Il decreto ‘milleproroghe’ varato dal Consiglio dei ministri si fonda sulla riallocazione di 6,2 miliardi di euro di fondi strutturali europei che, altrimenti, sarebbero andati perduti. I proventi europei sosterranno le imprese, le misure per favorire l’occupazione, il contrasto alla povertà e le economie locali. In particolare, 2,2 miliardi serviranno per sostenere le imprese (compreso 1,2 miliardi per l’accesso al credito già garantito dalla legge di Stabilità); 700 milioni serviranno per favorire il sostegno al lavoro e all’occupazione; 300 milioni serviranno per fronteggiare la povertà e 3 miliardi per sostenere le economie locali. Secondo il ministro del Lavoro, Enrico Giovannini,  con le misure messe in moto per fronteggiare il problema dell’occupazione “siamo a 4,2 miliardi di riduzione del cuneo fiscale nel 2014”.

Il presidente del Consiglio ha escluso inoltre rimpasti e cabine di regia, “soluzioni da prima Repubblica”. Convinto della sua squadra di governo il premier mira a riequilibrare l’azione dell’esecutivo, consapevole di dover trattare direttamente con i leader e i capigruppo in una serie di incontri informali. Il “Patto 2014”, focalizzato su riforme istituzionali e legge elettorale, sarà inoltre gestito dal Parlamento, proprio come richiesto dal leader del Pd, un Matteo Renzi pronto a sfoderare il suo “job act” già nel primo mese dell’anno nuovo.

Il “Patto 2014” e la nuova “Agenda del governo” procederanno parallelamente e, da qui a fine mese, il “contratto di coalizione” dovrà essere firmato da tutte le forze che sostengono il Governo. Le gaffe raccolte con il decreto “Salva Roma”, sapientemente fermato dal Quirinale, hanno acceso l’allarme rosso ma a Palazzo Chigi sono ottimisti e si pensa che né Renzi, né il Nuovo Centrodestra di Alfano, né Scelta Civica siano propensi a sabotare le riforme per andare al voto. Secondo il ministro Franceschini “i partiti hanno un interesse convergente, andare bene alle Europee. E i partiti vanno bene se va bene il Governo.. Un equilibrio è possibile”.Napolitano, a sua volta, ha sollecitato il “massimo rigore” nel decidere l’ammissibilità degli emendamenti ai decreti legge nel corso del loro esame in Parlamento. La vicenda “Salva-Roma”, ha commentato a tale proposito Letta, “dimostra in modo ancora più evidente come sia essenziale riformare il processo legislativo. È uno stimolo in più per fare le riforme nel 2014”.

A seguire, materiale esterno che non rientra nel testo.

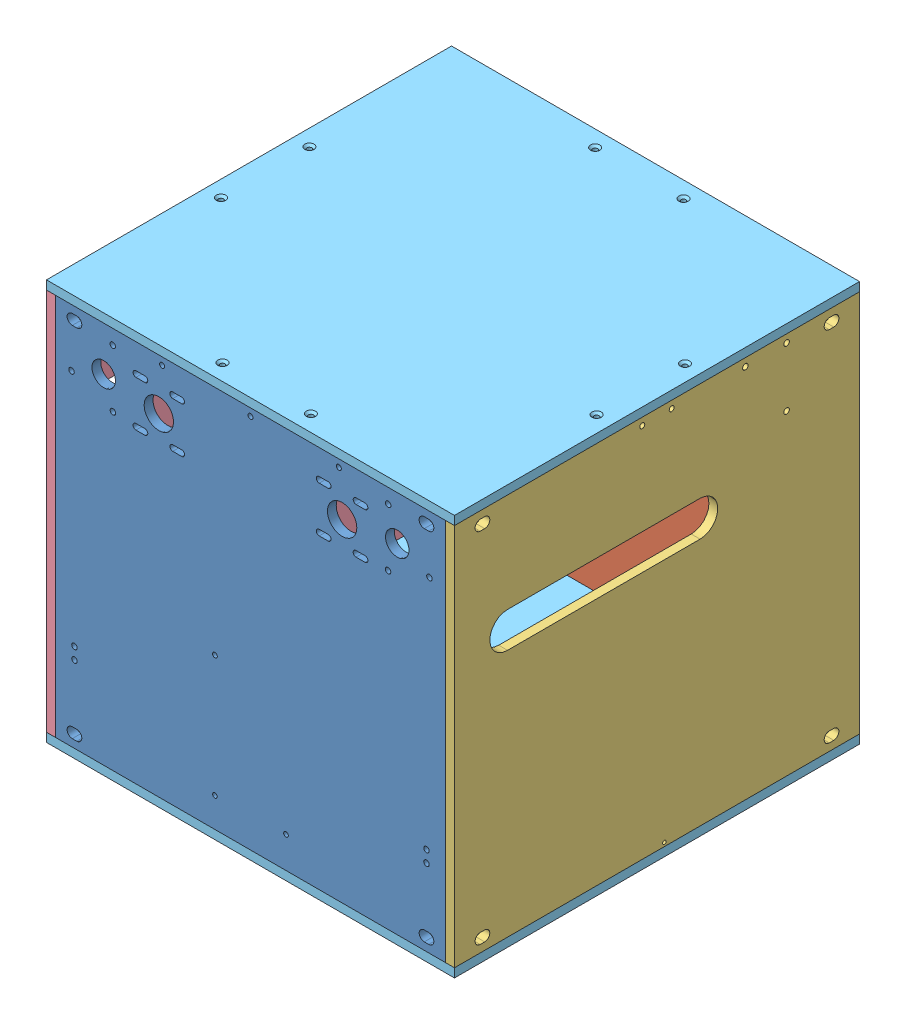
SolidWorks assembly Carcassa, configuration Predeterminado. Lengths in mm.
Overall size (277 272 275).
6 component instances, 5 part files, 14 mates.
Components (placement in the parent):
- carcassa darrere-1: carcassa darrere [Predeterminado] at (-2.5107 8.7875 261.5) size (265 260 6)
- carcassa davant-1: carcassa davant [Predeterminado] at (-2.5107 8.7875 -7.5) size (265 260 6)
- carcassa dreta-1: carcassa dreta [Predeterminado] at (135.9893 8.7875 124) x (0 0 -1) z (1 0 0) size (275 260 6)
- carcassa esquerra-1: carcassa esquerra [Predeterminado] at (-135.0107 8.7875 124) x (0 0 -1) z (1 0 0) size (275 260 6)
- carcassa tapa-1: carcassa tapa [debajo] at (-2.5107 144.7875 124) x (-1 0 0) z (0 1 0) size (277 275 6)
- carcassa tapa-2: carcassa tapa [Predeterminado] at (-2.5107 -121.2125 124) x (-1 0 0) z (0 1 0) size (277 275 6)
Mates (geometry in assembly coordinates):
- Coincidente1: coincident anti-aligned: line of carcassa esquerra-1 through (-135.0107 -121.2125 261.5) axis (0 0 -1); line of carcassa darrere-1 through (-135.0107 -121.2125 255.5) axis (0 0 1)
- Perpendicular1: perpendicular: plane of carcassa darrere-1 through (-2.5107 8.7875 261.5) normal (0 0 1); plane of carcassa esquerra-1 through (-135.0107 8.7875 124) normal (1 0 0)
- Coincidente5: coincident aligned: plane of carcassa darrere-1 through (-135.0107 -121.2125 255.5) normal (0 -1 0); plane of carcassa esquerra-1 through (-141.0107 -121.2125 261.5) normal (0 -1 0)
- Coincidente7: coincident aligned: line of carcassa darrere-1 through (-135.0107 -121.2125 261.5) axis (1 0 0); line of carcassa esquerra-1 through (-141.0107 -121.2125 261.5) axis (1 0 0)
- Coincidente8: coincident aligned: line of carcassa davant-1 through (-135.0107 -121.2125 -13.5) axis (1 0 0); line of carcassa esquerra-1 through (-141.0107 -121.2125 -13.5) axis (1 0 0)
- Coincidente10: coincident anti-aligned: line of carcassa davant-1 through (-135.0107 -121.2125 -13.5) axis (0 0 1); line of carcassa esquerra-1 through (-135.0107 -121.2125 261.5) axis (0 0 -1)
- Coincidente11: coincident aligned: line of carcassa davant-1 through (129.9893 -121.2125 -13.5) axis (0 1 0); line of carcassa dreta-1 through (129.9893 -121.2125 -13.5) axis (0 1 0)
- Coincidente13: coincident anti-aligned: line of carcassa darrere-1 through (129.9893 -121.2125 255.5) axis (0 0 1); line of carcassa dreta-1 through (129.9893 -121.2125 261.5) axis (0 0 -1)
- Coincidente2804: coincident aligned: plane of carcassa tapa-2 through (135.9893 -127.2125 -13.5) normal (0 0 -1); plane of carcassa tapa-1 through (135.9893 138.7875 -13.5) normal (0 0 -1)
- Coincidente2805: coincident aligned: plane of carcassa tapa-2 through (-141.0107 -127.2125 261.5) normal (-1 0 0); plane of carcassa tapa-1 through (-141.0107 138.7875 261.5) normal (-1 0 0)
- Coincidente2806: coincident anti-aligned: plane of carcassa esquerra-1 through (-141.0107 138.7875 261.5) normal (0 1 0); plane of carcassa tapa-1 through (-2.5107 138.7875 124) normal (0 -1 0)
- Coincidente147: coincident anti-aligned: plane of carcassa dreta-1 through (129.9893 -121.2125 261.5) normal (0 -1 0); plane of carcassa tapa-2 through (-2.5107 -121.2125 124) normal (0 1 0)
- Coincidente148: coincident aligned: plane of carcassa darrere-1 through (-2.5107 8.7875 261.5) normal (0 0 1); plane of carcassa tapa-2 through (135.9893 -127.2125 261.5) normal (0 0 1)
- Coincidente149: coincident aligned: plane of carcassa esquerra-1 through (-141.0107 8.7875 124) normal (-1 0 0); plane of carcassa tapa-2 through (-141.0107 -127.2125 261.5) normal (-1 0 0)
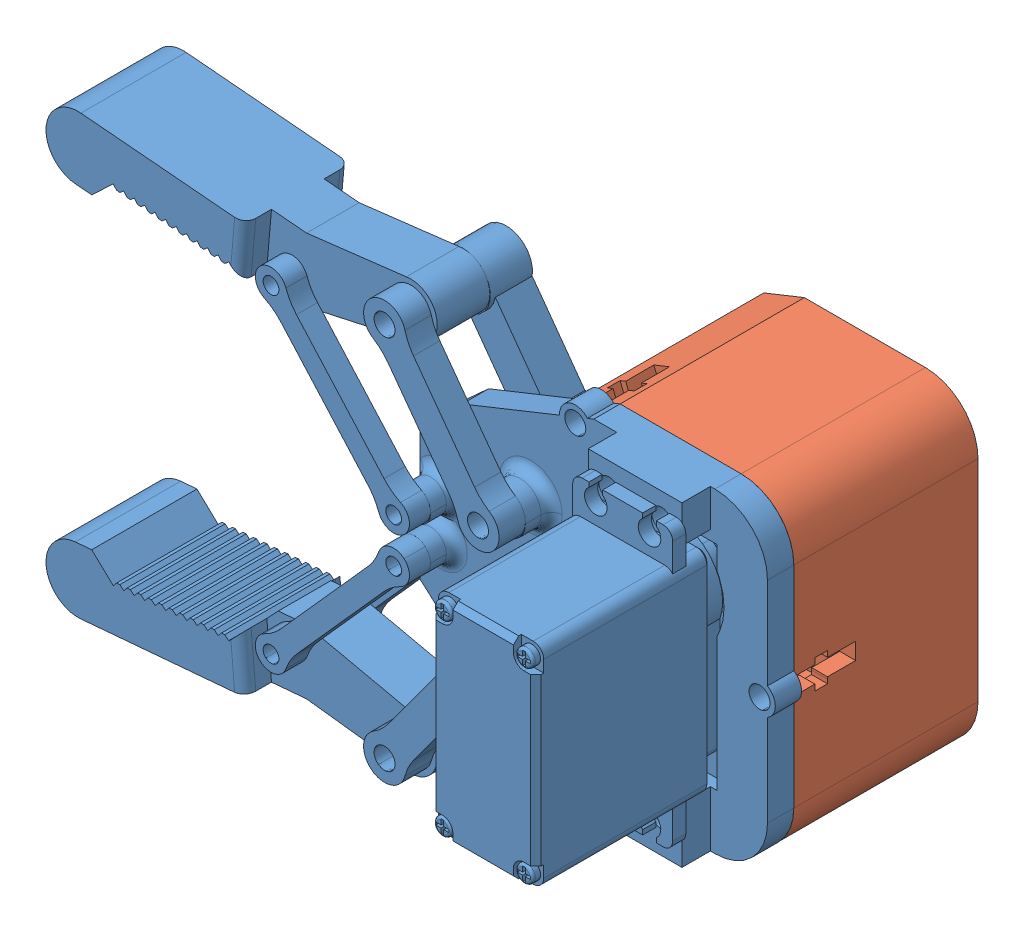
SolidWorks assembly Assemblage44, configuration Défaut. Lengths in mm.
Overall size (128.58 83.29 74.42).
2 component instances, 2 part files, 3 mates.
Components (placement in the parent):
- gripper_complet-1: gripper_complet [Défaut] at (35.0891 19.8429 -203.3605) size (128.58 83.29 47.42)
- cover-1: cover [Défaut] at (6.4755 39.3491 -172.3583) x (-1 0 0) z (0 0 -1) size (40.71 60 35)
Mates (geometry in assembly coordinates):
- Coïncidente1: coincident: plane of gripper_complet-1 through (25.7527 27.8783 -152.3583) normal (0 0 -1); plane of cover-1 through (62.7759 40.3868 -152.3583) normal (0 0 1)
- Coïncidente2: coincident: line of gripper_complet-1 through (72.7759 17.7905 -152.3583) axis (0 -1 0); line of cover-1 through (72.7759 18.7868 -152.3583) axis (0 -1 0)
- Coïncidente3: coincident aligned: plane of gripper_complet-1 through (44.7759 -9.6132 -147.3583) normal (0 -1 0); plane of cover-1 through (39.7759 -9.6132 -187.3583) normal (0 -1 0)
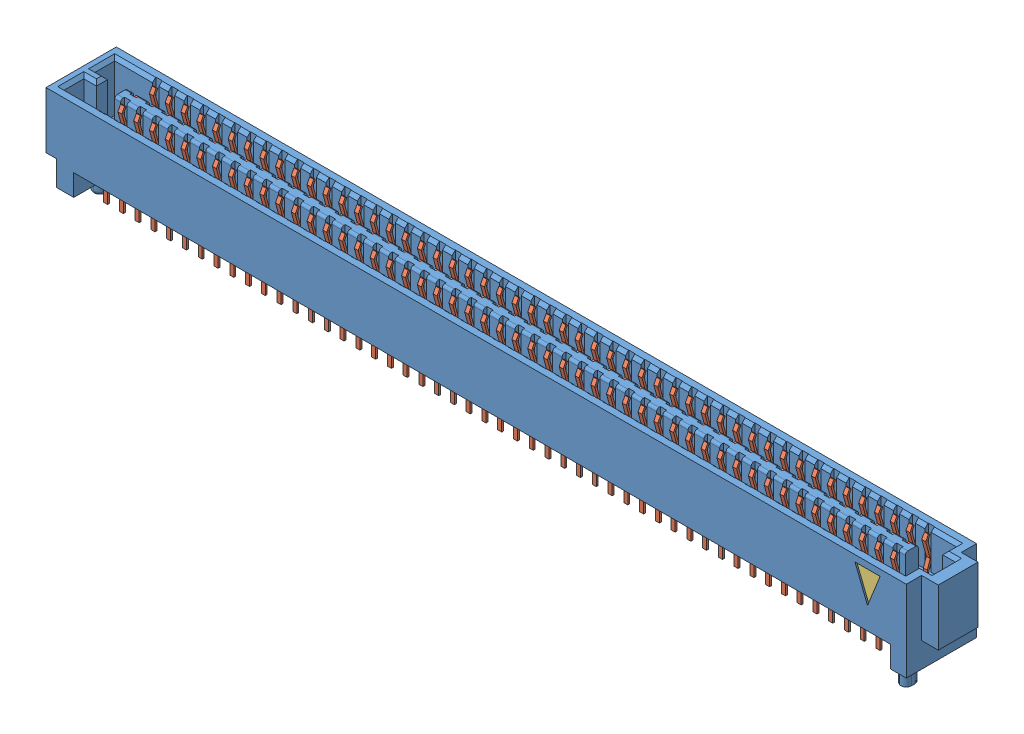
SolidWorks assembly SEAF_50_06_5_L_04_2_A_K_TR, configuration Default. Lengths in mm.
Overall size (70.66 7.82 5.66).
4 component instances, 4 part files, 0 mates.
Components (placement in the parent):
- _SEAF_50_06_5_L_04_1_A_0_K_TR_BODY_2_2-1: _SEAF_50_06_5_L_04_1_A_0_K_TR_BODY_2_2 [Default] at origin size (70.66 7.82 5.66)
- _SEAF_50_06_5_L_04_1_A_0_K_TR_cCON2_4-1: _SEAF_50_06_5_L_04_1_A_0_K_TR_cCON2_4 [Default] at origin size (62.55 6.17 5.41)
- _SEAF_04_K_PAD_6-1: _SEAF_04_K_PAD_6 [Default] at (-0.2286 4.826 0) size (6.5 0.13 6.5) (hidden)
- _SEAF_TRIANGLE_FIRST_PIN_8-1: _SEAF_TRIANGLE_FIRST_PIN_8 [Default] at (30.861 1.27 2.5781) size (2.03 2.54 0.13)

Il Governo Letta rimane un grande fautore delle “misure-cacciavite” su famiglie, imprese e cuneo fiscale; riforme istituzionali e costituzionali; legge elettorale. Ma è bene che nel 2014 si proceda con la chiara intenzione di farle, le riforme. Piccole cose concrete da attuare immediatamente a partire da gennaio. Realizzare le riforme significa mettere il Paese finalmente nella condizione di essere governato e poter magari superare la grave crisi economico-sociale che investe milioni di italiani.

Con il ‘milleproroghe’ il governo ha “deciso di concentrarsi sul disagio sociale che il Paese sta vivendo”, ha puntualizzato il premier Letta, e ha stanziato “in tutto un complesso di interventi di contrasto alla povertà per 800 milioni”. “Il disagio sociale – ha aggiunto il presidente del Consiglio – rappresenta la trincea più difficile”. Tra gli 800 milioni, ai 500 milioni precedentemente stanziati si aggiungono 300 milioni per il rafforzamento della sperimentazione del Sia, lo strumento per l’inclusione attiva.

Partiti e sindacati, inoltre, dovrebbero collaborare sul serio, concertando con il Governo le misure più urgenti. Nei negoziati sulla legge di Stabilità, ad esempio, il ministro Giovannini non è riuscito a trovare interlocutori in Parlamento e a reperire poche decine di milioni per risolvere il problema dei para-subordinati, un settore che impiega moltissimi giovani. L’accesso al welfare rimane legato all’effettivo versamento dei contributi: niente contributi, niente welfare. La soluzione si chiamerebbe “automatismo delle prestazioni”: un principio per cui lo Stato riconosce immediatamente il diritto al lavoratore e successivamente si rivale sul datore inadempiente.

Sul fronte della creazione di occupazione le questioni si presentano più complicate. Fin da subito si dovrebbero razionalizzare le risorse da destinare alle imprese; realizzare nel modo più efficace la garanzia-giovani (cosa tutt’altro che scontata); andrebbe messo in moto un sistema co-finanziato dalla Unione europea. “Sull’occupazione – ha puntualizzato il presidente del Consiglio a proposito del ‘milleproroghe’ – vengono allocati ulteriori 150 milioni di euro per la decontribuzione, in particolare, dell’occupazione giovanile, che si aggiungono agli 800 milioni di giugno. Un ulteriore intervento a favore della lotta alla disoccupazione giovanile nel 2014 e 2015”.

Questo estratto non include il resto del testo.